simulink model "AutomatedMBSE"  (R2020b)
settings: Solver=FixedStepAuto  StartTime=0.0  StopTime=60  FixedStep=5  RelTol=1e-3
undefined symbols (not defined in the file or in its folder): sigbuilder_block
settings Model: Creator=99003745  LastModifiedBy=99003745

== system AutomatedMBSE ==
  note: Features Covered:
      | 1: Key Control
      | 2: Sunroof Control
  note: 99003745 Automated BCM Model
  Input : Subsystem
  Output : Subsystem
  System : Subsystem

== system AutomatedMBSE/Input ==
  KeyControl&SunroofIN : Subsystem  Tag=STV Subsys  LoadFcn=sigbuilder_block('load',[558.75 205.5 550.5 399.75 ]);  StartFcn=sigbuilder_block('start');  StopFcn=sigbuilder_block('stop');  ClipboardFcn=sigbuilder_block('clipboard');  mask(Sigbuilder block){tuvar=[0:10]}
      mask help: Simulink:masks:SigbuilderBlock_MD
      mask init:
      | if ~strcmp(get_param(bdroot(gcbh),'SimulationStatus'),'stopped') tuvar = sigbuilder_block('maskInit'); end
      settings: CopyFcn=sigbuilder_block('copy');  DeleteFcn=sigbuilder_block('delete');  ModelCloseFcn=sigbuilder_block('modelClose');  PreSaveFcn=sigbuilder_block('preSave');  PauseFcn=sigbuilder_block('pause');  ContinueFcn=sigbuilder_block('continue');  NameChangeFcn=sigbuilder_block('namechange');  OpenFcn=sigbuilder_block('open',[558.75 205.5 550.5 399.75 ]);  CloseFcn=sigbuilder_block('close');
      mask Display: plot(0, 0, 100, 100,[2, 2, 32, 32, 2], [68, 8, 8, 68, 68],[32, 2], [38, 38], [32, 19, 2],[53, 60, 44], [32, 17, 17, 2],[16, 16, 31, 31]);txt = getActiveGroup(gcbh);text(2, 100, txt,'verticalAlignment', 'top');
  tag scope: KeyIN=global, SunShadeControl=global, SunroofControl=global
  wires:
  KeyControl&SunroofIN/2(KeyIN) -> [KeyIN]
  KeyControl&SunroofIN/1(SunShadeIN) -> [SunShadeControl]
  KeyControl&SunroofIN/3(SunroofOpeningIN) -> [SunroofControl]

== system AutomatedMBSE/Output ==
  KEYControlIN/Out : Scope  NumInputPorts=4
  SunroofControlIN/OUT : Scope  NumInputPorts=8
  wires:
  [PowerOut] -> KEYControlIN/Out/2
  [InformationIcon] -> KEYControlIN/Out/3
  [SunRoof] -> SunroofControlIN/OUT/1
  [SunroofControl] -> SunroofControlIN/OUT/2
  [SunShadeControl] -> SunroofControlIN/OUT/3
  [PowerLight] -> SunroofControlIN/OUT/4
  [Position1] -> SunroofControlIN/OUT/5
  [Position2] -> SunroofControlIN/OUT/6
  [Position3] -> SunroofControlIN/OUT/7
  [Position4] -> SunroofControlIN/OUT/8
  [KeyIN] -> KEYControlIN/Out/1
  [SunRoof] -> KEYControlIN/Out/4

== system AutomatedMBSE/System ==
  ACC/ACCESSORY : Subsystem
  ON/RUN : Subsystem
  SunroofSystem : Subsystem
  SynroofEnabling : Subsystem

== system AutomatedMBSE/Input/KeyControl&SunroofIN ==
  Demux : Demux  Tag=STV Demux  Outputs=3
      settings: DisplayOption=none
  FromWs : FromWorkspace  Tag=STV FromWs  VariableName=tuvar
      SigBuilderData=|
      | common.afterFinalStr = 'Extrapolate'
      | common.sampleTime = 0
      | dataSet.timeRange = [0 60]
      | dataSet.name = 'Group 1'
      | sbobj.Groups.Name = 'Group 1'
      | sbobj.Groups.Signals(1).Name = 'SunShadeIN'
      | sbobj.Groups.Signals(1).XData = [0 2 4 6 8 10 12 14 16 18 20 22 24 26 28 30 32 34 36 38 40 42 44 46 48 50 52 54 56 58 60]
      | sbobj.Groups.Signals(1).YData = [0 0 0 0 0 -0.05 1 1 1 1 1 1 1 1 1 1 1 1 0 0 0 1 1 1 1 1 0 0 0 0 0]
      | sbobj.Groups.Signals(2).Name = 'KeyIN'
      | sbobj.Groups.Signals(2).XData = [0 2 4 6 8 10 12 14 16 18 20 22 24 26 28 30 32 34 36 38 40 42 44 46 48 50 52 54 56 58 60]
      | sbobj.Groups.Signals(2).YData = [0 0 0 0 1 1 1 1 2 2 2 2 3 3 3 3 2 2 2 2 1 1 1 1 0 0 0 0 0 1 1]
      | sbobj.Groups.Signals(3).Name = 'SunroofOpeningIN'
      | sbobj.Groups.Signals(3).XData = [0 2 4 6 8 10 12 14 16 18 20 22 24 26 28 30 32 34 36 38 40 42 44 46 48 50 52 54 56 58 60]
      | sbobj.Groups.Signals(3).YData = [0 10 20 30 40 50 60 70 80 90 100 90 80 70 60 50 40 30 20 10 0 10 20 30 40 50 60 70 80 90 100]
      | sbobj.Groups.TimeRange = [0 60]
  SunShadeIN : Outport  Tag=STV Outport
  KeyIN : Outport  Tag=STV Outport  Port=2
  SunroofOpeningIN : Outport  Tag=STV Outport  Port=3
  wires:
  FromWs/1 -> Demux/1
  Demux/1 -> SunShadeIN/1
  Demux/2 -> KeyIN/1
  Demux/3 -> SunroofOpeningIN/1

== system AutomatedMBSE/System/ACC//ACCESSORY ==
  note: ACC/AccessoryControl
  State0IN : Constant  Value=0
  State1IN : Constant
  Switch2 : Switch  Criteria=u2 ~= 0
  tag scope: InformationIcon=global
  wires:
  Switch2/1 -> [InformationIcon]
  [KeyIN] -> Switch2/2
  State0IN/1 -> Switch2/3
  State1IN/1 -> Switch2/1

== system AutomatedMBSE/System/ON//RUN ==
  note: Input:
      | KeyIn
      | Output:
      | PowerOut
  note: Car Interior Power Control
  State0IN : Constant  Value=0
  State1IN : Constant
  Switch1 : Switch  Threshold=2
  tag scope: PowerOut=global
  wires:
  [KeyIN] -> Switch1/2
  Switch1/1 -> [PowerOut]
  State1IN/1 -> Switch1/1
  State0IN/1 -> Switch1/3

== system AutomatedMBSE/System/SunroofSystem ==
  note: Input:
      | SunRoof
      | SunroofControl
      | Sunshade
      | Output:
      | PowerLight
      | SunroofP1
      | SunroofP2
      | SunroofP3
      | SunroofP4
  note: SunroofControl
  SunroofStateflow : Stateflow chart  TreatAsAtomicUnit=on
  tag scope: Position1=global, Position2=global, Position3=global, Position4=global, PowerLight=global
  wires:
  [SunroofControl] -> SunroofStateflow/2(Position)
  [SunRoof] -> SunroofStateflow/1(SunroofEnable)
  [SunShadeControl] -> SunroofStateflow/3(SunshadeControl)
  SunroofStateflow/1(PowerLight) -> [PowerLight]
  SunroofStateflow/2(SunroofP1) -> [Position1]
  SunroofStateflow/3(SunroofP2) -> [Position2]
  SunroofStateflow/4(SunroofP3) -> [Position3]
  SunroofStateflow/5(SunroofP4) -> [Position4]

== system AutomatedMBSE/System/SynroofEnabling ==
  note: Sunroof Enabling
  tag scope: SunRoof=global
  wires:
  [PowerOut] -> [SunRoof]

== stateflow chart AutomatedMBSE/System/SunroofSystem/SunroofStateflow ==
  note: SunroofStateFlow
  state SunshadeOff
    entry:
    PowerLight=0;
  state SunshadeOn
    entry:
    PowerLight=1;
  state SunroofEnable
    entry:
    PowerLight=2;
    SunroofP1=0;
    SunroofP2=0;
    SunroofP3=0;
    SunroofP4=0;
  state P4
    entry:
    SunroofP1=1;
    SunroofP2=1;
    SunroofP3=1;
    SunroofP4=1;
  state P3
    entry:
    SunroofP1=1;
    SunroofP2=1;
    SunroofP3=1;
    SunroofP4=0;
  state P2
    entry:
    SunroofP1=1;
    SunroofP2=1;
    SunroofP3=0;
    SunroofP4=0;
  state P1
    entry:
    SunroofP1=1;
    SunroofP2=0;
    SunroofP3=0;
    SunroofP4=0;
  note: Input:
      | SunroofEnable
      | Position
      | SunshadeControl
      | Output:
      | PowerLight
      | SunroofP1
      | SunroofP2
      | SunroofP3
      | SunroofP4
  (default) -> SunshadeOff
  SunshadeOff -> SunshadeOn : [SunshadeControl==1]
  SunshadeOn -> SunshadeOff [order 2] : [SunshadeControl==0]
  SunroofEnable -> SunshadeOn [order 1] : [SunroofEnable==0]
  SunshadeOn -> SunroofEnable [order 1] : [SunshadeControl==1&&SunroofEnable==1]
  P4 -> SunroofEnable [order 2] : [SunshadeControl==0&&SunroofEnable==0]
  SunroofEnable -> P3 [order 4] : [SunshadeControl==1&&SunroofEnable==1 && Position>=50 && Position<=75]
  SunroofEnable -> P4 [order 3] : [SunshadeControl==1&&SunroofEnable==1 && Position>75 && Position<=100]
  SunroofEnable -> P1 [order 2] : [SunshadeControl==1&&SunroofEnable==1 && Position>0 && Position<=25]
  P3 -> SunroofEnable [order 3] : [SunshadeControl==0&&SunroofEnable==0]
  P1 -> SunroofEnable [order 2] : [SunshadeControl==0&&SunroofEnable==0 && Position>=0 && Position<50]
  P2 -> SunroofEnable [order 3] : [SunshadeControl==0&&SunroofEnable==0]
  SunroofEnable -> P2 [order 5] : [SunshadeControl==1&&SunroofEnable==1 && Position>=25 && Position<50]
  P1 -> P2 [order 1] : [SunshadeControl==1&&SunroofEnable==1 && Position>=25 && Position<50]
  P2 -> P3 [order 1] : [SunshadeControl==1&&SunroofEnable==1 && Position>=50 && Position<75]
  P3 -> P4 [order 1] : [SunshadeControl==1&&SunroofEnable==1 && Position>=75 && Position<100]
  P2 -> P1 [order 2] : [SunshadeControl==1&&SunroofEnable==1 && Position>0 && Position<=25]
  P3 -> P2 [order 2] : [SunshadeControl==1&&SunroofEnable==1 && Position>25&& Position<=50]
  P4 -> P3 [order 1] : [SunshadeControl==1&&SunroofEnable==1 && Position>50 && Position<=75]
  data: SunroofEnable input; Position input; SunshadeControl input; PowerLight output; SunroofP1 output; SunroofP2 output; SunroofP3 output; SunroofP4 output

━━━━━━━━

__Task goal__: What is the number of lines in the listing that hold the word "XData"? Say only that number.

__Answer__: 3